Task inputs:
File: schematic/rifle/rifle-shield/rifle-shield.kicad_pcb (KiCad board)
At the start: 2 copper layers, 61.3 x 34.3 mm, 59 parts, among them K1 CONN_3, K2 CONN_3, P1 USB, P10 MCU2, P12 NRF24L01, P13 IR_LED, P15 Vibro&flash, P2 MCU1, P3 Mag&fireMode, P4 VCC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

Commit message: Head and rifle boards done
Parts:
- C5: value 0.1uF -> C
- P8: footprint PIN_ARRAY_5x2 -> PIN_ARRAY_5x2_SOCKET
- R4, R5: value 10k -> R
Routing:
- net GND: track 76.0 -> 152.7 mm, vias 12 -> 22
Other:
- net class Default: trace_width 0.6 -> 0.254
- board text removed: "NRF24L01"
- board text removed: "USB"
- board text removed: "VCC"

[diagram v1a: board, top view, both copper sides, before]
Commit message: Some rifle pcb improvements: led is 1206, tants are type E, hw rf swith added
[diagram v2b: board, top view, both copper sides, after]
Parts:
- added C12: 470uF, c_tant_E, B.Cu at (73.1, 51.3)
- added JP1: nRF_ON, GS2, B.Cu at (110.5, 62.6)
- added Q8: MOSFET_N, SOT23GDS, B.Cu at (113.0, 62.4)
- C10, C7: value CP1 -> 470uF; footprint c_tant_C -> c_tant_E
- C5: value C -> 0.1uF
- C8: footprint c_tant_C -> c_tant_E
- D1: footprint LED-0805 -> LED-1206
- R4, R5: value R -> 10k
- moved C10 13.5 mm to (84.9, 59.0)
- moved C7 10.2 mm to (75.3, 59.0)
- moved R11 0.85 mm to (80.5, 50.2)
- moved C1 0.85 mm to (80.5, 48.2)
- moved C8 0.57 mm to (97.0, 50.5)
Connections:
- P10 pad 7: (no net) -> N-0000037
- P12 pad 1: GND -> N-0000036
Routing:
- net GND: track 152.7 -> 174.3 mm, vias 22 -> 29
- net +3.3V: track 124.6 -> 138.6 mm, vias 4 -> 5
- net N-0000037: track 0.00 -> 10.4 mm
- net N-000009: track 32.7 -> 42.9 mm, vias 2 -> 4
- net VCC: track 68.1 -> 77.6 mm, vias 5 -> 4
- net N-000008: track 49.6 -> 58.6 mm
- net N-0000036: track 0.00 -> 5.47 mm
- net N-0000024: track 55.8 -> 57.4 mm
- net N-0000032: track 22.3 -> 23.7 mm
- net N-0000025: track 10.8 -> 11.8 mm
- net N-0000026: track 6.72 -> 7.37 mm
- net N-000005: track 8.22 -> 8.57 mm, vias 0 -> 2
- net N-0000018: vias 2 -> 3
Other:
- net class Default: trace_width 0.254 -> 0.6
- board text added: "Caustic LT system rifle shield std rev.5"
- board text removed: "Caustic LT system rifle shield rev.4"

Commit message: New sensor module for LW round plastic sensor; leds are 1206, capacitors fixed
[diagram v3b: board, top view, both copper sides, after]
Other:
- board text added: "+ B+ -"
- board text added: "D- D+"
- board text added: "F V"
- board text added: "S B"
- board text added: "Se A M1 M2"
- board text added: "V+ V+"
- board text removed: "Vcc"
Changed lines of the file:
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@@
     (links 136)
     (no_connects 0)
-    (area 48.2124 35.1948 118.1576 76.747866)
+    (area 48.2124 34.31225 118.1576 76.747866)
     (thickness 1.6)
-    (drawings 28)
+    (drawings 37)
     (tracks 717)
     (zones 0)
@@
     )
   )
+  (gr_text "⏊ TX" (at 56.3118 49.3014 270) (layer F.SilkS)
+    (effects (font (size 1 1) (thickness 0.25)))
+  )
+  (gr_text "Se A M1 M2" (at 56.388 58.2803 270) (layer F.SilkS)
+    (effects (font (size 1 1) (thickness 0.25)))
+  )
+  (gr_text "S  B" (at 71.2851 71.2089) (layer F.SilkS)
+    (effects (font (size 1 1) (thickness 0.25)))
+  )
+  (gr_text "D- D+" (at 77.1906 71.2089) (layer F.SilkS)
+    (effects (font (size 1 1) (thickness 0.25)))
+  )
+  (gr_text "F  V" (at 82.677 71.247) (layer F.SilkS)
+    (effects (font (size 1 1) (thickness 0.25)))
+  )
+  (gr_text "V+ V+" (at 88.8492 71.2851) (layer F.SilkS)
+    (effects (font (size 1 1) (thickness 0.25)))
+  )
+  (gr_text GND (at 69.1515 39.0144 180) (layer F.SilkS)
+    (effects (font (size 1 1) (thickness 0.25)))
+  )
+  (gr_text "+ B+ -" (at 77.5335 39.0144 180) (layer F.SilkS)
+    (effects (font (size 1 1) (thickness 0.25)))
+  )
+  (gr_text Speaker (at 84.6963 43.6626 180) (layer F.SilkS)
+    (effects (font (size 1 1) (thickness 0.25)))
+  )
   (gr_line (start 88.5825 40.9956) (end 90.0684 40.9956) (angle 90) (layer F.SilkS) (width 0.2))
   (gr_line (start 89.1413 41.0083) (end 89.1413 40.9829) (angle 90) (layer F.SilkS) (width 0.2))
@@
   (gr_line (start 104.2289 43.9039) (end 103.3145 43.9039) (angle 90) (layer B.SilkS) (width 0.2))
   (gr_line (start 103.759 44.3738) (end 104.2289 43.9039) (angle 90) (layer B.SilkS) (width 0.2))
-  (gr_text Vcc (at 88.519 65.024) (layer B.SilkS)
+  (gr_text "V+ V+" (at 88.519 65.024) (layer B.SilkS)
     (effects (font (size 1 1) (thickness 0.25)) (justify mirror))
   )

What is needed:
Set down the entries again, exactly as they stand above.

Response to the exercise:
File: schematic/rifle/rifle-shield/rifle-shield.kicad_pcb (KiCad board)
At the start: 2 copper layers, 61.3 x 34.3 mm, 59 parts, among them K1 CONN_3, K2 CONN_3, P1 USB, P10 MCU2, P12 NRF24L01, P13 IR_LED, P15 Vibro&flash, P2 MCU1, P3 Mag&fireMode, P4 VCC

Commit message: Head and rifle boards done
Parts:
- C5: value 0.1uF -> C
- P8: footprint PIN_ARRAY_5x2 -> PIN_ARRAY_5x2_SOCKET
- R4, R5: value 10k -> R
Routing:
- net GND: track 76.0 -> 152.7 mm, vias 12 -> 22
Other:
- net class Default: trace_width 0.6 -> 0.254
- board text removed: "NRF24L01"
- board text removed: "USB"
- board text removed: "VCC"

[diagram v1a: board, top view, both copper sides, before]
Commit message: Some rifle pcb improvements: led is 1206, tants are type E, hw rf swith added
[diagram v2b: board, top view, both copper sides, after]
Parts:
- added C12: 470uF, c_tant_E, B.Cu at (73.1, 51.3)
- added JP1: nRF_ON, GS2, B.Cu at (110.5, 62.6)
- added Q8: MOSFET_N, SOT23GDS, B.Cu at (113.0, 62.4)
- C10, C7: value CP1 -> 470uF; footprint c_tant_C -> c_tant_E
- C5: value C -> 0.1uF
- C8: footprint c_tant_C -> c_tant_E
- D1: footprint LED-0805 -> LED-1206
- R4, R5: value R -> 10k
- moved C10 13.5 mm to (84.9, 59.0)
- moved C7 10.2 mm to (75.3, 59.0)
- moved R11 0.85 mm to (80.5, 50.2)
- moved C1 0.85 mm to (80.5, 48.2)
- moved C8 0.57 mm to (97.0, 50.5)
Connections:
- P10 pad 7: (no net) -> N-0000037
- P12 pad 1: GND -> N-0000036
Routing:
- net GND: track 152.7 -> 174.3 mm, vias 22 -> 29
- net +3.3V: track 124.6 -> 138.6 mm, vias 4 -> 5
- net N-0000037: track 0.00 -> 10.4 mm
- net N-000009: track 32.7 -> 42.9 mm, vias 2 -> 4
- net VCC: track 68.1 -> 77.6 mm, vias 5 -> 4
- net N-000008: track 49.6 -> 58.6 mm
- net N-0000036: track 0.00 -> 5.47 mm
- net N-0000024: track 55.8 -> 57.4 mm
- net N-0000032: track 22.3 -> 23.7 mm
- net N-0000025: track 10.8 -> 11.8 mm
- net N-0000026: track 6.72 -> 7.37 mm
- net N-000005: track 8.22 -> 8.57 mm, vias 0 -> 2
- net N-0000018: vias 2 -> 3
Other:
- net class Default: trace_width 0.254 -> 0.6
- board text added: "Caustic LT system rifle shield std rev.5"
- board text removed: "Caustic LT system rifle shield rev.4"

Commit message: New sensor module for LW round plastic sensor; leds are 1206, capacitors fixed
[diagram v3b: board, top view, both copper sides, after]
Other:
- board text added: "+ B+ -"
- board text added: "D- D+"
- board text added: "F V"
- board text added: "S B"
- board text added: "Se A M1 M2"
- board text added: "V+ V+"
- board text removed: "Vcc"
Changed lines of the file:
@@
     (links 136)
     (no_connects 0)
-    (area 48.2124 35.1948 118.1576 76.747866)
+    (area 48.2124 34.31225 118.1576 76.747866)
     (thickness 1.6)
-    (drawings 28)
+    (drawings 37)
     (tracks 717)
     (zones 0)
@@
     )
   )
+  (gr_text "⏊ TX" (at 56.3118 49.3014 270) (layer F.SilkS)
+    (effects (font (size 1 1) (thickness 0.25)))
+  )
+  (gr_text "Se A M1 M2" (at 56.388 58.2803 270) (layer F.SilkS)
+    (effects (font (size 1 1) (thickness 0.25)))
+  )
+  (gr_text "S  B" (at 71.2851 71.2089) (layer F.SilkS)
+    (effects (font (size 1 1) (thickness 0.25)))
+  )
+  (gr_text "D- D+" (at 77.1906 71.2089) (layer F.SilkS)
+    (effects (font (size 1 1) (thickness 0.25)))
+  )
+  (gr_text "F  V" (at 82.677 71.247) (layer F.SilkS)
+    (effects (font (size 1 1) (thickness 0.25)))
+  )
+  (gr_text "V+ V+" (at 88.8492 71.2851) (layer F.SilkS)
+    (effects (font (size 1 1) (thickness 0.25)))
+  )
+  (gr_text GND (at 69.1515 39.0144 180) (layer F.SilkS)
+    (effects (font (size 1 1) (thickness 0.25)))
+  )
+  (gr_text "+ B+ -" (at 77.5335 39.0144 180) (layer F.SilkS)
+    (effects (font (size 1 1) (thickness 0.25)))
+  )
+  (gr_text Speaker (at 84.6963 43.6626 180) (layer F.SilkS)
+    (effects (font (size 1 1) (thickness 0.25)))
+  )
   (gr_line (start 88.5825 40.9956) (end 90.0684 40.9956) (angle 90) (layer F.SilkS) (width 0.2))
   (gr_line (start 89.1413 41.0083) (end 89.1413 40.9829) (angle 90) (layer F.SilkS) (width 0.2))
@@
   (gr_line (start 104.2289 43.9039) (end 103.3145 43.9039) (angle 90) (layer B.SilkS) (width 0.2))
   (gr_line (start 103.759 44.3738) (end 104.2289 43.9039) (angle 90) (layer B.SilkS) (width 0.2))
-  (gr_text Vcc (at 88.519 65.024) (layer B.SilkS)
+  (gr_text "V+ V+" (at 88.519 65.024) (layer B.SilkS)
     (effects (font (size 1 1) (thickness 0.25)) (justify mirror))
   )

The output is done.